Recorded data
+++
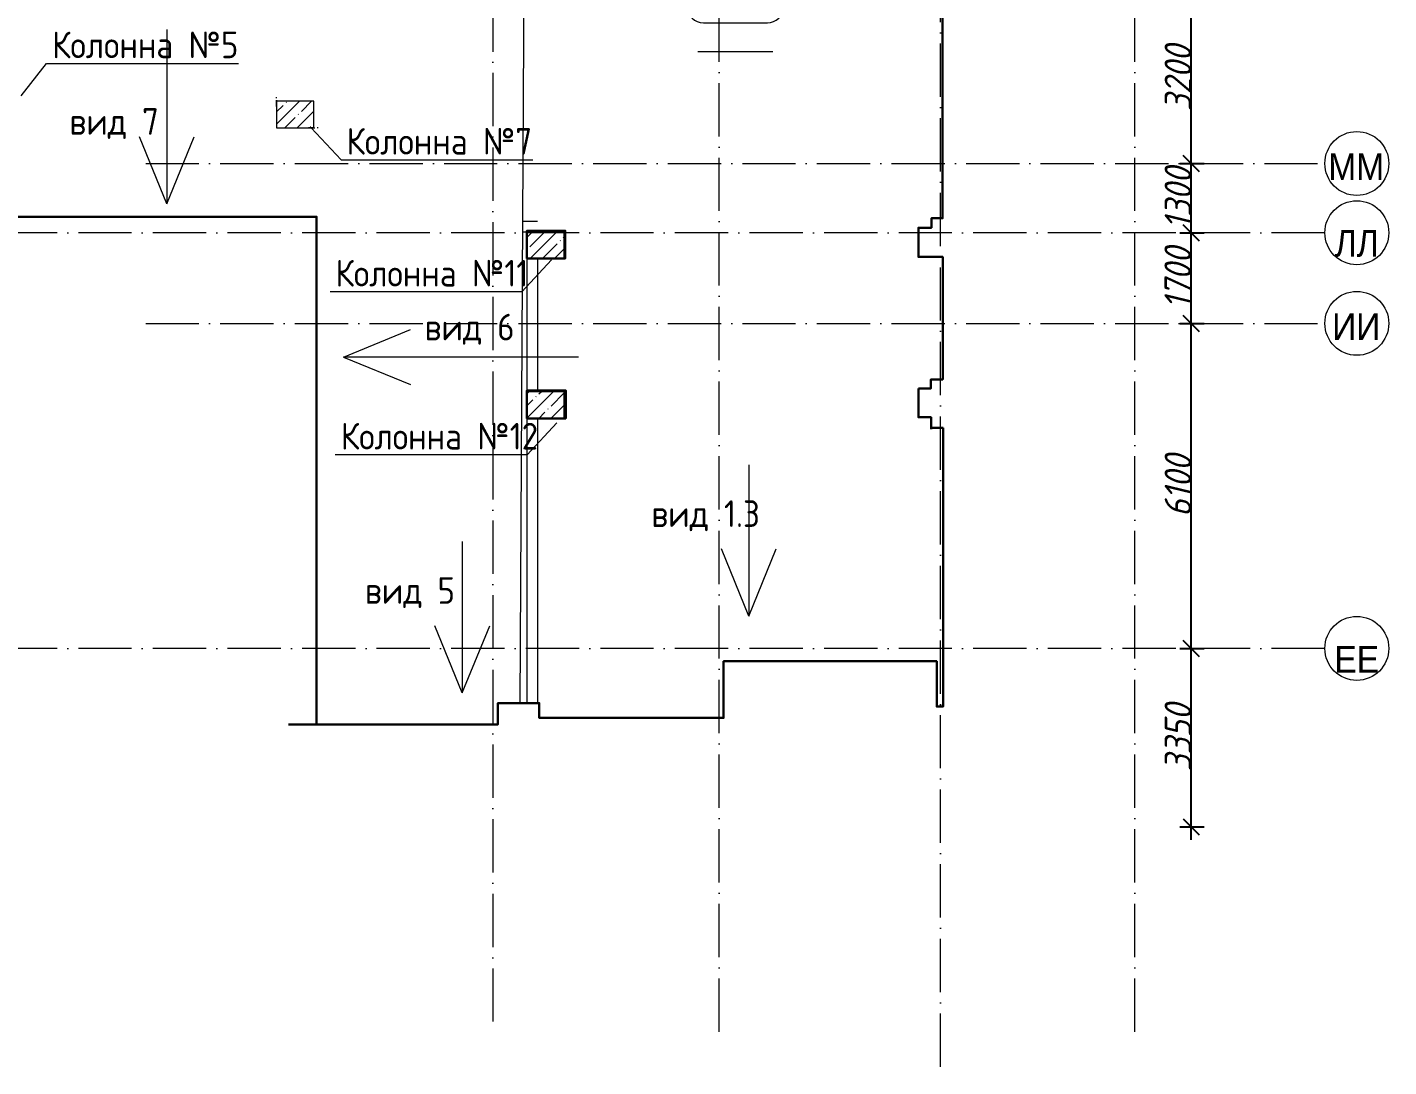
# Model space of a CAD drawing. Header units: millimetres. Extents: x 209 to 1046824, y -248937 to 510758.
# Drawn here: x 188589 to 214150, y 435165 to 454672 of the extents above; entities that cross this region are included whole.
import ezdxf

# ---------------------------------------------------------------- set-up
doc = ezdxf.new("R2010")
doc.units = ezdxf.units.MM
doc.linetypes.add('50_200_ШТРИХ_1Т_ш5_п1_п1_', pattern=[1400, 1000, -200, 0, -200])
for name, color, linetype, lineweight in [('A-ANNO-DIMS', 7, 'Continuous', 9), ('A-WALL', 7, 'Continuous', 5), ('A-WALL-FNSH-1', 7, 'Continuous', 5), ('S-COLS', 7, 'Continuous', 9), ('S-COLS-1', 7, 'Continuous', 5), ('основной', 250, 'Continuous', 15), ('Основные линии', 7, 'Continuous', 30), ('осново', 7, 'Continuous', 30), ('Размеры', 7, 'Continuous', 15)]:
    doc.layers.add(name, color=color, linetype=linetype, lineweight=lineweight)
for name, color, linetype, lineweight, true_color in [('A-AREA-IDEN-1', 7, 'Continuous', 9, 0xaaaaaa), ('Оси-1', 7, 'Continuous', 20, 0xaaaaaa), ('Оси-2', 7, 'Continuous', 9, 0xaaaaaa), ('Оси-3', 7, '50_200_ШТРИХ_1Т_ш5_п1_п1_', 9, 0xaaaaaa)]:
    doc.layers.add(name, color=color, linetype=linetype, lineweight=lineweight, true_color=true_color)
doc.styles.add('Arial', font='arial.ttf', dxfattribs={"width": 0.9, "height": 500})
doc.styles.add('ISOCPEUR_I_1', font='isocpeui.ttf', dxfattribs={"width": 0.9, "height": 500})
doc.styles.add('СПДС', font='isocpeur.ttf', dxfattribs={"width": 0.9})
doc.dimstyles.new('ISO-2_5_0_9К_БОЛЬШОЙ', dxfattribs={"dimscale": 304.8, "dimtxt": 497.990588, "dimasz": 0.984252, "dimexe": 0.787402, "dimexo": 0, "dimgap": 0, "dimtad": 1, "dimdec": 0, "dimzin": 0, "dimdsep": 46, "dimtxsty": 'ISOCPEUR_I_1', "dimblk1": 'OBLIQUE', "dimblk2": 'OBLIQUE', "dimsah": 1, "dimcen": 0.09, "dimdle": 0.787402, "dimazin": 0, "dimtfac": 1, "dimtdec": 4, "dimtix": 1, "dimtmove": 0, "dimatfit": 3, "dimfxl": 1, "dimtvp": 1, "dimtolj": 1, "dimtzin": 0, "dimarcsym": 2})

# ---------------------------------------------------------------- blocks, each defined once
blk = doc.blocks.new('BSC_Колонна _Прямоугольная - 500х700-V304-АИ_План этажа_Стены_2')
at = {"layer": 'S-COLS-1'}
h = blk.add_hatch(dxfattribs=at)
h.set_pattern_fill('FP_173', color=256, style=0, pattern_type=2)
h.set_pattern_definition([(315, (-64381.04, 93600), (228.0985, 228.0985), []), (315, (-64381.04, 93371.9), (228.0985, 228.0985), [403.225, -80.645, 6.706, -73.939])])
h.paths.add_polyline_path([(-250, 350), (-250, -350), (250, -350), (250, 350), (223, 350)])
for p, q in [((250, 350), (-250, 350)), ((-250, 350), (-250, -350)), ((250, -350), (250, 350)), ((-250, -350), (250, -350))]:
    blk.add_line(p, q, dxfattribs=at)
blk = doc.blocks.new('BSC_Колонна _Прямоугольная - 500х700-V316-АИ_План этажа_Стены_2')
at = {"layer": 'S-COLS-1'}
h = blk.add_hatch(dxfattribs=at)
h.set_pattern_fill('FP_185', color=256, style=0, pattern_type=2)
h.set_pattern_definition([(315, (-61381.04, 93600), (228.0985, 228.0985), []), (315, (-61381.04, 93371.9), (228.0985, 228.0985), [403.225, -80.645, 6.706, -73.939])])
h.paths.add_polyline_path([(-250, 350), (-250, -350), (250, -350), (250, 350)])
for p, q in [((250, 350), (-250, 350)), ((-250, 350), (-250, -350)), ((250, -350), (250, 350)), ((-250, -350), (250, -350))]:
    blk.add_line(p, q, dxfattribs=at)
blk = doc.blocks.new('AAR_СКБ_Марка_помещения_1_5 ммп - Номер _ Площадь-27962135-АИ_План этажа_Стены_2')
at = {"layer": 'A-AREA-IDEN-1'}
for p, q in [((-2.99, 3), (3.01, 3)), ((-2.99, 0), (3.01, 0)), ((-3.53, -2.69), (3.53, -2.69))]:
    blk.add_line(p, q, dxfattribs=at)
for centre, start, end in [((-2.99, 1.5), 90, 270), ((3.01, 1.5), 270, 90)]:
    blk.add_arc(centre, 1.5, start, end, dxfattribs=at)
blk = doc.blocks.new('_Oblique')
at = {"color": 0, "linetype": 'ByBlock', "lineweight": -2}
blk.add_line((-0.5, -0.5), (0.5, 0.5), dxfattribs=at)
blk = doc.blocks.new('*D1452')
at = {"layer": 'A-ANNO-DIMS', "color": 0, "lineweight": -2, "transparency": 16777216}
for p, q in [((210443, 439425), (210443, 443255)), ((210230, 443015), (210683, 443015)), ((210230, 439665), (210683, 439665))]:
    blk.add_line(p, q, dxfattribs=at)
at = {"layer": 'Defpoints', "color": 0, "lineweight": 30, "transparency": 16777216}
for p in [(210230, 443015), (210443, 443015), (210230, 439665)]:
    blk.add_point(p, dxfattribs=at)
at = {"layer": 'A-ANNO-DIMS', "color": 0, "lineweight": -2, "transparency": 16777216, "xscale": 300, "yscale": 300, "zscale": 300}
for p, rotation in [((210443, 443015), 90), ((210443, 439665), 270)]:
    blk.add_blockref('_Oblique', p, dxfattribs=dict(at, rotation=rotation))
at = {"layer": 'A-ANNO-DIMS', "color": 0, "transparency": 16777216, "insert": (210193, 441340), "char_height": 500, "width": 1516.96, "attachment_point": 5, "rotation": 90, "style": 'ISOCPEUR_I_1'}
blk.add_mtext('\\A1;3350', dxfattribs=at)
blk = doc.blocks.new('*D1453')
at = {"layer": 'A-ANNO-DIMS', "color": 0, "lineweight": -2, "transparency": 16777216}
for p, q in [((210230, 449115), (210683, 449115)), ((210443, 442775), (210443, 449355)), ((210230, 443015), (210683, 443015))]:
    blk.add_line(p, q, dxfattribs=at)
at = {"layer": 'Defpoints', "color": 0, "lineweight": 30, "transparency": 16777216}
for p in [(210230, 449115), (210443, 449115), (210230, 443015)]:
    blk.add_point(p, dxfattribs=at)
at = {"layer": 'A-ANNO-DIMS', "color": 0, "lineweight": -2, "transparency": 16777216, "xscale": 300, "yscale": 300, "zscale": 300}
for p, rotation in [((210443, 449115), 90), ((210443, 443015), 270)]:
    blk.add_blockref('_Oblique', p, dxfattribs=dict(at, rotation=rotation))
at = {"layer": 'A-ANNO-DIMS', "color": 0, "transparency": 16777216, "insert": (210193, 446065), "char_height": 500, "width": 1402.04, "attachment_point": 5, "rotation": 90, "style": 'ISOCPEUR_I_1'}
blk.add_mtext('\\A1;6100', dxfattribs=at)
blk = doc.blocks.new('*D1454')
at = {"layer": 'A-ANNO-DIMS', "color": 0, "lineweight": -2, "transparency": 16777216}
for p, q in [((210443, 448875), (210443, 451055)), ((210230, 450815), (210683, 450815)), ((210230, 449115), (210683, 449115))]:
    blk.add_line(p, q, dxfattribs=at)
at = {"layer": 'Defpoints', "color": 0, "lineweight": 30, "transparency": 16777216}
for p in [(210230, 450815), (210443, 450815), (210230, 449115)]:
    blk.add_point(p, dxfattribs=at)
at = {"layer": 'A-ANNO-DIMS', "color": 0, "lineweight": -2, "transparency": 16777216, "xscale": 300, "yscale": 300, "zscale": 300}
for p, rotation in [((210443, 450815), 90), ((210443, 449115), 270)]:
    blk.add_blockref('_Oblique', p, dxfattribs=dict(at, rotation=rotation))
at = {"layer": 'A-ANNO-DIMS', "color": 0, "transparency": 16777216, "insert": (210189, 449965), "char_height": 500, "width": 1402.04, "attachment_point": 5, "rotation": 90, "style": 'ISOCPEUR_I_1'}
blk.add_mtext('\\A1;1700', dxfattribs=at)
blk = doc.blocks.new('*D1455')
at = {"layer": 'A-ANNO-DIMS', "color": 0, "lineweight": -2, "transparency": 16777216}
for p, q in [((210443, 450575), (210443, 452355)), ((210230, 452115), (210683, 452115)), ((210230, 450815), (210683, 450815))]:
    blk.add_line(p, q, dxfattribs=at)
at = {"layer": 'Defpoints', "color": 0, "lineweight": 30, "transparency": 16777216}
for p in [(210230, 452115), (210443, 452115), (210230, 450815)]:
    blk.add_point(p, dxfattribs=at)
at = {"layer": 'A-ANNO-DIMS', "color": 0, "lineweight": -2, "transparency": 16777216, "xscale": 300, "yscale": 300, "zscale": 300}
for p, rotation in [((210443, 452115), 90), ((210443, 450815), 270)]:
    blk.add_blockref('_Oblique', p, dxfattribs=dict(at, rotation=rotation))
at = {"layer": 'A-ANNO-DIMS', "color": 0, "transparency": 16777216, "insert": (210193, 451465), "char_height": 500, "width": 1402.04, "attachment_point": 5, "rotation": 90, "style": 'ISOCPEUR_I_1'}
blk.add_mtext('\\A1;1300', dxfattribs=at)
blk = doc.blocks.new('*D1456')
at = {"layer": 'A-ANNO-DIMS', "color": 0, "lineweight": -2, "transparency": 16777216}
for p, q in [((210443, 451875), (210443, 455555)), ((210230, 455315), (210683, 455315)), ((210230, 452115), (210683, 452115))]:
    blk.add_line(p, q, dxfattribs=at)
at = {"layer": 'Defpoints', "color": 0, "lineweight": 30, "transparency": 16777216}
for p in [(210230, 455315), (210443, 455315), (210230, 452115)]:
    blk.add_point(p, dxfattribs=at)
at = {"layer": 'A-ANNO-DIMS', "color": 0, "lineweight": -2, "transparency": 16777216, "xscale": 300, "yscale": 300, "zscale": 300}
for p, rotation in [((210443, 455315), 90), ((210443, 452115), 270)]:
    blk.add_blockref('_Oblique', p, dxfattribs=dict(at, rotation=rotation))
at = {"layer": 'A-ANNO-DIMS', "color": 0, "transparency": 16777216, "insert": (210193, 453715), "char_height": 500, "width": 1516.96, "attachment_point": 5, "rotation": 90, "style": 'ISOCPEUR_I_1'}
blk.add_mtext('\\A1;3200', dxfattribs=at)
blk = doc.blocks.new('Ось сетки - Круг_Ø6_00__ISO-2_5_0_9K_-17386508-АИ_План этажа_Стены_3')
at = {"layer": 'Оси-1'}
blk.add_circle((0, 0), 3, dxfattribs=at)
blk = doc.blocks.new('*D1826')
at = {"layer": 'A-ANNO-DIMS', "color": 0, "lineweight": -2, "transparency": 16777216}
for p, q in [((210443, 439425), (210443, 443255)), ((210230, 443015), (210683, 443015)), ((210230, 439665), (210683, 439665))]:
    blk.add_line(p, q, dxfattribs=at)
at = {"layer": 'Defpoints', "color": 0, "lineweight": 30, "transparency": 16777216}
for p in [(210230, 443015), (210443, 443015), (210230, 439665)]:
    blk.add_point(p, dxfattribs=at)
at = {"layer": 'A-ANNO-DIMS', "color": 0, "lineweight": -2, "transparency": 16777216, "xscale": 300, "yscale": 300, "zscale": 300}
for p, rotation in [((210443, 443015), 90), ((210443, 439665), 270)]:
    blk.add_blockref('_Oblique', p, dxfattribs=dict(at, rotation=rotation))
at = {"layer": 'A-ANNO-DIMS', "color": 0, "transparency": 16777216, "insert": (210193, 441340), "char_height": 500, "width": 1516.96, "attachment_point": 5, "rotation": 90, "style": 'ISOCPEUR_I_1'}
blk.add_mtext('\\A1;3350', dxfattribs=at)
blk = doc.blocks.new('*D1827')
at = {"layer": 'A-ANNO-DIMS', "color": 0, "lineweight": -2, "transparency": 16777216}
for p, q in [((210230, 449115), (210683, 449115)), ((210443, 442775), (210443, 449355)), ((210230, 443015), (210683, 443015))]:
    blk.add_line(p, q, dxfattribs=at)
at = {"layer": 'Defpoints', "color": 0, "lineweight": 30, "transparency": 16777216}
for p in [(210230, 449115), (210443, 449115), (210230, 443015)]:
    blk.add_point(p, dxfattribs=at)
at = {"layer": 'A-ANNO-DIMS', "color": 0, "lineweight": -2, "transparency": 16777216, "xscale": 300, "yscale": 300, "zscale": 300}
for p, rotation in [((210443, 449115), 90), ((210443, 443015), 270)]:
    blk.add_blockref('_Oblique', p, dxfattribs=dict(at, rotation=rotation))
at = {"layer": 'A-ANNO-DIMS', "color": 0, "transparency": 16777216, "insert": (210193, 446065), "char_height": 500, "width": 1402.04, "attachment_point": 5, "rotation": 90, "style": 'ISOCPEUR_I_1'}
blk.add_mtext('\\A1;6100', dxfattribs=at)
blk = doc.blocks.new('*D1828')
at = {"layer": 'A-ANNO-DIMS', "color": 0, "lineweight": -2, "transparency": 16777216}
for p, q in [((210443, 448875), (210443, 451055)), ((210230, 450815), (210683, 450815)), ((210230, 449115), (210683, 449115))]:
    blk.add_line(p, q, dxfattribs=at)
at = {"layer": 'Defpoints', "color": 0, "lineweight": 30, "transparency": 16777216}
for p in [(210230, 450815), (210443, 450815), (210230, 449115)]:
    blk.add_point(p, dxfattribs=at)
at = {"layer": 'A-ANNO-DIMS', "color": 0, "lineweight": -2, "transparency": 16777216, "xscale": 300, "yscale": 300, "zscale": 300}
for p, rotation in [((210443, 450815), 90), ((210443, 449115), 270)]:
    blk.add_blockref('_Oblique', p, dxfattribs=dict(at, rotation=rotation))
at = {"layer": 'A-ANNO-DIMS', "color": 0, "transparency": 16777216, "insert": (210189, 449965), "char_height": 500, "width": 1402.04, "attachment_point": 5, "rotation": 90, "style": 'ISOCPEUR_I_1'}
blk.add_mtext('\\A1;1700', dxfattribs=at)
blk = doc.blocks.new('*D1829')
at = {"layer": 'A-ANNO-DIMS', "color": 0, "lineweight": -2, "transparency": 16777216}
for p, q in [((210443, 450575), (210443, 452355)), ((210230, 452115), (210683, 452115)), ((210230, 450815), (210683, 450815))]:
    blk.add_line(p, q, dxfattribs=at)
at = {"layer": 'Defpoints', "color": 0, "lineweight": 30, "transparency": 16777216}
for p in [(210230, 452115), (210443, 452115), (210230, 450815)]:
    blk.add_point(p, dxfattribs=at)
at = {"layer": 'A-ANNO-DIMS', "color": 0, "lineweight": -2, "transparency": 16777216, "xscale": 300, "yscale": 300, "zscale": 300}
for p, rotation in [((210443, 452115), 90), ((210443, 450815), 270)]:
    blk.add_blockref('_Oblique', p, dxfattribs=dict(at, rotation=rotation))
at = {"layer": 'A-ANNO-DIMS', "color": 0, "transparency": 16777216, "insert": (210193, 451465), "char_height": 500, "width": 1402.04, "attachment_point": 5, "rotation": 90, "style": 'ISOCPEUR_I_1'}
blk.add_mtext('\\A1;1300', dxfattribs=at)
blk = doc.blocks.new('*D1830')
at = {"layer": 'A-ANNO-DIMS', "color": 0, "lineweight": -2, "transparency": 16777216}
for p, q in [((210443, 451875), (210443, 455555)), ((210230, 455315), (210683, 455315)), ((210230, 452115), (210683, 452115))]:
    blk.add_line(p, q, dxfattribs=at)
at = {"layer": 'Defpoints', "color": 0, "lineweight": 30, "transparency": 16777216}
for p in [(210230, 455315), (210443, 455315), (210230, 452115)]:
    blk.add_point(p, dxfattribs=at)
at = {"layer": 'A-ANNO-DIMS', "color": 0, "lineweight": -2, "transparency": 16777216, "xscale": 300, "yscale": 300, "zscale": 300}
for p, rotation in [((210443, 455315), 90), ((210443, 452115), 270)]:
    blk.add_blockref('_Oblique', p, dxfattribs=dict(at, rotation=rotation))
at = {"layer": 'A-ANNO-DIMS', "color": 0, "transparency": 16777216, "insert": (210193, 453715), "char_height": 500, "width": 1516.96, "attachment_point": 5, "rotation": 90, "style": 'ISOCPEUR_I_1'}
blk.add_mtext('\\A1;3200', dxfattribs=at)

msp = doc.modelspace()

# ---------------------------------------------------------------- hatches: boundary and pattern name
at = {"layer": 'S-COLS-1', "true_color": 0x000000}
h = msp.add_hatch(dxfattribs=at)
h.set_pattern_fill('FP_1', color=18, style=0, pattern_type=2)
h.set_pattern_definition([(45, (104719.3, 386201.04), (-228.0985, 228.0985), []), (45, (104947.4, 386201.04), (-228.0985, 228.0985), [403.225, -80.645, 6.706, -73.939])])
h.paths.add_polyline_path([(193269.3, 452781.7), (193969.3, 452781.7), (193969.3, 453281.7), (193269.3, 453281.7)])

# ---------------------------------------------------------------- linework, layer by layer
at = {"lineweight": 30}
for points in [[(205320.9, 447893.1), (205555.9, 447893.1), (205555.9, 448063.1), (205775.9, 448063.1), (205775.9, 450363.1), (205319.9, 450363.1), (205319.9, 450908.1), (205564.9, 450908.1), (205564.9, 451088.1), (205774.9, 451088.1), (205774.9, 456128.1)], [(179249.2, 451115), (194022.2, 451115), (194022.2, 441589.1)], [(205559.3, 447153.1), (205557.9, 447353.1), (205320.9, 447353.1), (205320.9, 447893.1)], [(205782.9, 447153.1), (205557.9, 447153.1)], [(205782.9, 447153.1), (205557.9, 447153.1), (205557.9, 447131.1)], [(205782.9, 447153.1), (205782.9, 442203.1)], [(193494.9, 441589.1), (197426.9, 441589.1), (197426.9, 441989.1), (198201.9, 441989.1), (198201.9, 441711.1), (201662.9, 441711.1), (201662.9, 442773.1), (205662.9, 442773.1), (205662.9, 441923.1), (205782.9, 441923.1), (205782.9, 442203.1), (205782.9, 442203.1)]]:
    msp.add_lwpolyline(points, dxfattribs=at)
for points in [[(197969.3, 450332.1), (198689.3, 450332.1), (198689.3, 450852.1), (197969.3, 450852.1)], [(197969.3, 447332.1), (198699.3, 447332.1), (198699.3, 447857.1), (197969.3, 447857.1)]]:
    msp.add_lwpolyline(points, close=True, dxfattribs=at)
at = {"layer": 'A-WALL', "color": 18, "true_color": 0x000000}
for p, q in [((193269.3, 453341.7), (193269.3, 453361.7)), ((193269.3, 453301.7), (193269.3, 453281.7)), ((193969.3, 452781.7), (193989.3, 452781.7)), ((194049.3, 452781.7), (194029.3, 452781.7))]:
    msp.add_line(p, q, dxfattribs=at)
at = {"layer": 'A-WALL-FNSH-1', "color": 18, "true_color": 0x000000}
for p, q in [((193269.3, 453301.7), (193269.3, 453301.7)), ((193269.3, 453181.7), (193269.3, 453301.7)), ((193969.3, 452781.7), (193869.3, 452781.7))]:
    msp.add_line(p, q, dxfattribs=at)
at = {"layer": 'S-COLS-1', "color": 18, "true_color": 0x000000}
for p, q in [((193969.3, 453281.7), (193269.3, 453281.7)), ((193269.3, 453281.7), (193269.3, 452781.7)), ((193969.3, 452781.7), (193969.3, 453281.7)), ((193269.3, 452781.7), (193969.3, 452781.7))]:
    msp.add_line(p, q, dxfattribs=at)
at = {"layer": 'Оси-3'}
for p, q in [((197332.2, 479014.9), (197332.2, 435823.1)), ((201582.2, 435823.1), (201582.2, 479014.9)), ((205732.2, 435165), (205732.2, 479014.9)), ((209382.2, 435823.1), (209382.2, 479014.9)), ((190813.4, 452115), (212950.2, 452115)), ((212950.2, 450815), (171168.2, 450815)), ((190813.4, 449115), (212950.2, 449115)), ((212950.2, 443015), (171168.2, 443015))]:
+++
**What to produce**: Check each line of the entries above, and show every one holding the word "font".

**Exercise response**:
doc.styles.add('Arial', font='arial.ttf', dxfattribs={"width": 0.9, "height": 500})
doc.styles.add('ISOCPEUR_I_1', font='isocpeui.ttf', dxfattribs={"width": 0.9, "height": 500})
doc.styles.add('СПДС', font='isocpeur.ttf', dxfattribs={"width": 0.9})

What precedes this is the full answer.